Оперативный псевдоним - Корецкий Данил Аркадьевич. Страница 82
Второй номер вышел из кабинки, вымыл руки, разглядывая себя в зеркало, смыл чуть заметные остатки клея над верхней губой. Теперь он выглядел неотличимым от прибывшего дипломата. Придерживая пальцем черный «атташе», Карданов-2 вернулся в зал и через несколько минут был тепло встречен представителями посольства, которые, обступив гостя со всех сторон, быстро повели его к машине.

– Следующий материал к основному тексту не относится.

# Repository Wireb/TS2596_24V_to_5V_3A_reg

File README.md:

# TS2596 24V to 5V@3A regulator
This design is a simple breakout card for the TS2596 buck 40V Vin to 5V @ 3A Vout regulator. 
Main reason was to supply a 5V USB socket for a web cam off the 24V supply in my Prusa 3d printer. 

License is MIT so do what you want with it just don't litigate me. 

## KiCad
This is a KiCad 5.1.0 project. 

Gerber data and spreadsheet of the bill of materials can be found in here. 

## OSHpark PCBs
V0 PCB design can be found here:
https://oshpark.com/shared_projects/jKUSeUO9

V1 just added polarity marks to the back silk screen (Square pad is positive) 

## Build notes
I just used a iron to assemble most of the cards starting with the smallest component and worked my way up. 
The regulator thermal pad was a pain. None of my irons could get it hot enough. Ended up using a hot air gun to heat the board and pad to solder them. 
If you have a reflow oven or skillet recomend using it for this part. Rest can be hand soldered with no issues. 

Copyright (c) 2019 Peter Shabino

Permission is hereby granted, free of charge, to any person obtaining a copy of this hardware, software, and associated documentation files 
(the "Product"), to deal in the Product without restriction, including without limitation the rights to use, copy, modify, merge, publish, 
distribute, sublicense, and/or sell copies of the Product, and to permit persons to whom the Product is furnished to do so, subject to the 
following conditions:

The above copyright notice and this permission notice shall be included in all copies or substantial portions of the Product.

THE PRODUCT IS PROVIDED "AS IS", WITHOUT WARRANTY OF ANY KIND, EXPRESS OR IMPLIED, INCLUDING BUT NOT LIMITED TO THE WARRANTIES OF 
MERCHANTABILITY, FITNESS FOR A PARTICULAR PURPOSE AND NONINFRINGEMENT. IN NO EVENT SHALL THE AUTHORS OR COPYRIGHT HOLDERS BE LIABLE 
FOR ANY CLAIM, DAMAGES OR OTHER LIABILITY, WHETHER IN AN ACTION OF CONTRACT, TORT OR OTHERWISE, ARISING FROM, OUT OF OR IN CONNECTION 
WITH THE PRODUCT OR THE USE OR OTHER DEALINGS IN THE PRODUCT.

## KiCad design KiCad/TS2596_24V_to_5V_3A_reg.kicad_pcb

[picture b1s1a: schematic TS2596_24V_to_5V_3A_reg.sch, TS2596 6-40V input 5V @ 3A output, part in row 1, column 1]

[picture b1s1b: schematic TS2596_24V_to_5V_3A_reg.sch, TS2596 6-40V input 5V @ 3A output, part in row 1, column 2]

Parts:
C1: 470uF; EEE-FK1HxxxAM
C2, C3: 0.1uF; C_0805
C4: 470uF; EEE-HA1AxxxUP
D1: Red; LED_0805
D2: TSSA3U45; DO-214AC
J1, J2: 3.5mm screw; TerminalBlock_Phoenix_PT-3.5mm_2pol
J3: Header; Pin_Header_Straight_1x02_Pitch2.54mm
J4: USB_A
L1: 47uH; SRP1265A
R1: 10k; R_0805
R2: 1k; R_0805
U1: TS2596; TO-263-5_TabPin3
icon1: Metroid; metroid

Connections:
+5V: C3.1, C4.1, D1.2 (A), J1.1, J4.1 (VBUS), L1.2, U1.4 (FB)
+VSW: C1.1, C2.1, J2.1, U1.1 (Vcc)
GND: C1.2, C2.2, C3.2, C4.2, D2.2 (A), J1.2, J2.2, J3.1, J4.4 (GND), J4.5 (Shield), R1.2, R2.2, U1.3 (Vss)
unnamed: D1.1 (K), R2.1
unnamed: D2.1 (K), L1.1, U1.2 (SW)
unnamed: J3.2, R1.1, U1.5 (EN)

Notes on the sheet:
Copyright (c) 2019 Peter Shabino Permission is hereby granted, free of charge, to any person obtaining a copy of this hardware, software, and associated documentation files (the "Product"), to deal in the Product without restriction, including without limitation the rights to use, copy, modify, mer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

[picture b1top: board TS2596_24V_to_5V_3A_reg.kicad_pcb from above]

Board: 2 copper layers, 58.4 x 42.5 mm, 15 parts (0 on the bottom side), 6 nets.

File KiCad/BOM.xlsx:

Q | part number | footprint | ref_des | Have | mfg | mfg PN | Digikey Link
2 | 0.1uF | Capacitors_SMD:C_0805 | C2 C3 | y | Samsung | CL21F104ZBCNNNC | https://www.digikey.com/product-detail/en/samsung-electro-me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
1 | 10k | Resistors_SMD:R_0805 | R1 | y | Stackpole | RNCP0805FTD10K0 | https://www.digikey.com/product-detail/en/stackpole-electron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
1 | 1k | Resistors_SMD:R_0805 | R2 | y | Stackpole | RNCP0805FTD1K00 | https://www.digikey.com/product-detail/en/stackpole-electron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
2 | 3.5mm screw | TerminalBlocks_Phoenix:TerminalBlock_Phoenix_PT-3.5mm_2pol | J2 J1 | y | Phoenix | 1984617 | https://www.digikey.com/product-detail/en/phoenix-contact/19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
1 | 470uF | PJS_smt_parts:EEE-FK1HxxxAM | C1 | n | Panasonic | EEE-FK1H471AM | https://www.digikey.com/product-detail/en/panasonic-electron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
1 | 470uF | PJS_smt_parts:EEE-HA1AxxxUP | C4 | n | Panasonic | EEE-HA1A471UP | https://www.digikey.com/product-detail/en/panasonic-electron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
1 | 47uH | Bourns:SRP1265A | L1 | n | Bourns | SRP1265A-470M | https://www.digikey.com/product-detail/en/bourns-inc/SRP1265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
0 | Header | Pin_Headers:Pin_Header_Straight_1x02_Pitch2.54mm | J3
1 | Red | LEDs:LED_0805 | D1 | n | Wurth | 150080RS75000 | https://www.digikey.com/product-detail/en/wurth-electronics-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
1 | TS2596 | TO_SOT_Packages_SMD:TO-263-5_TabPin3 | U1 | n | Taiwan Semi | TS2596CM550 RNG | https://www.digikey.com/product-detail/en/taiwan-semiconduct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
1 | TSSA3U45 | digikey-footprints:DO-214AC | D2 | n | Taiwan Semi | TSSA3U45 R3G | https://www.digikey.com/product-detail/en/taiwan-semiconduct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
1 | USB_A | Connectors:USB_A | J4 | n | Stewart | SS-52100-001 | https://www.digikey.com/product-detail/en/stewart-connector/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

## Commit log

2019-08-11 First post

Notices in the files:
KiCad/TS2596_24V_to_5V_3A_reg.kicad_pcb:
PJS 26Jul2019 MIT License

Карданов в парике, очках и усах, мятом дождевике и с приметной сумкой через плечо, покинул туалет через четверть часа. Силы ФБР уже оттянулись на перспективные фигуры, он никого не интересовал. Старательно прихрамывая, Макс вышел на площадь и взял такси до Брайтон-Бич. Отпустив машину, он прошел несколько кварталов и, не обнаружив наблюдения, вновь нанял таксиста. Третьеразрядный отель «Луна» находился в получасе езды, там всегда имелись свободные номера, Макс попросил четыреста третий – в конце коридора рядом с запасной лестницей. Ровно в полночь он незамеченным спустился вниз, дошел до перекрестка и, открыв заднюю дверь, сел в черный «Линкольн», который немедленно тронулся с места.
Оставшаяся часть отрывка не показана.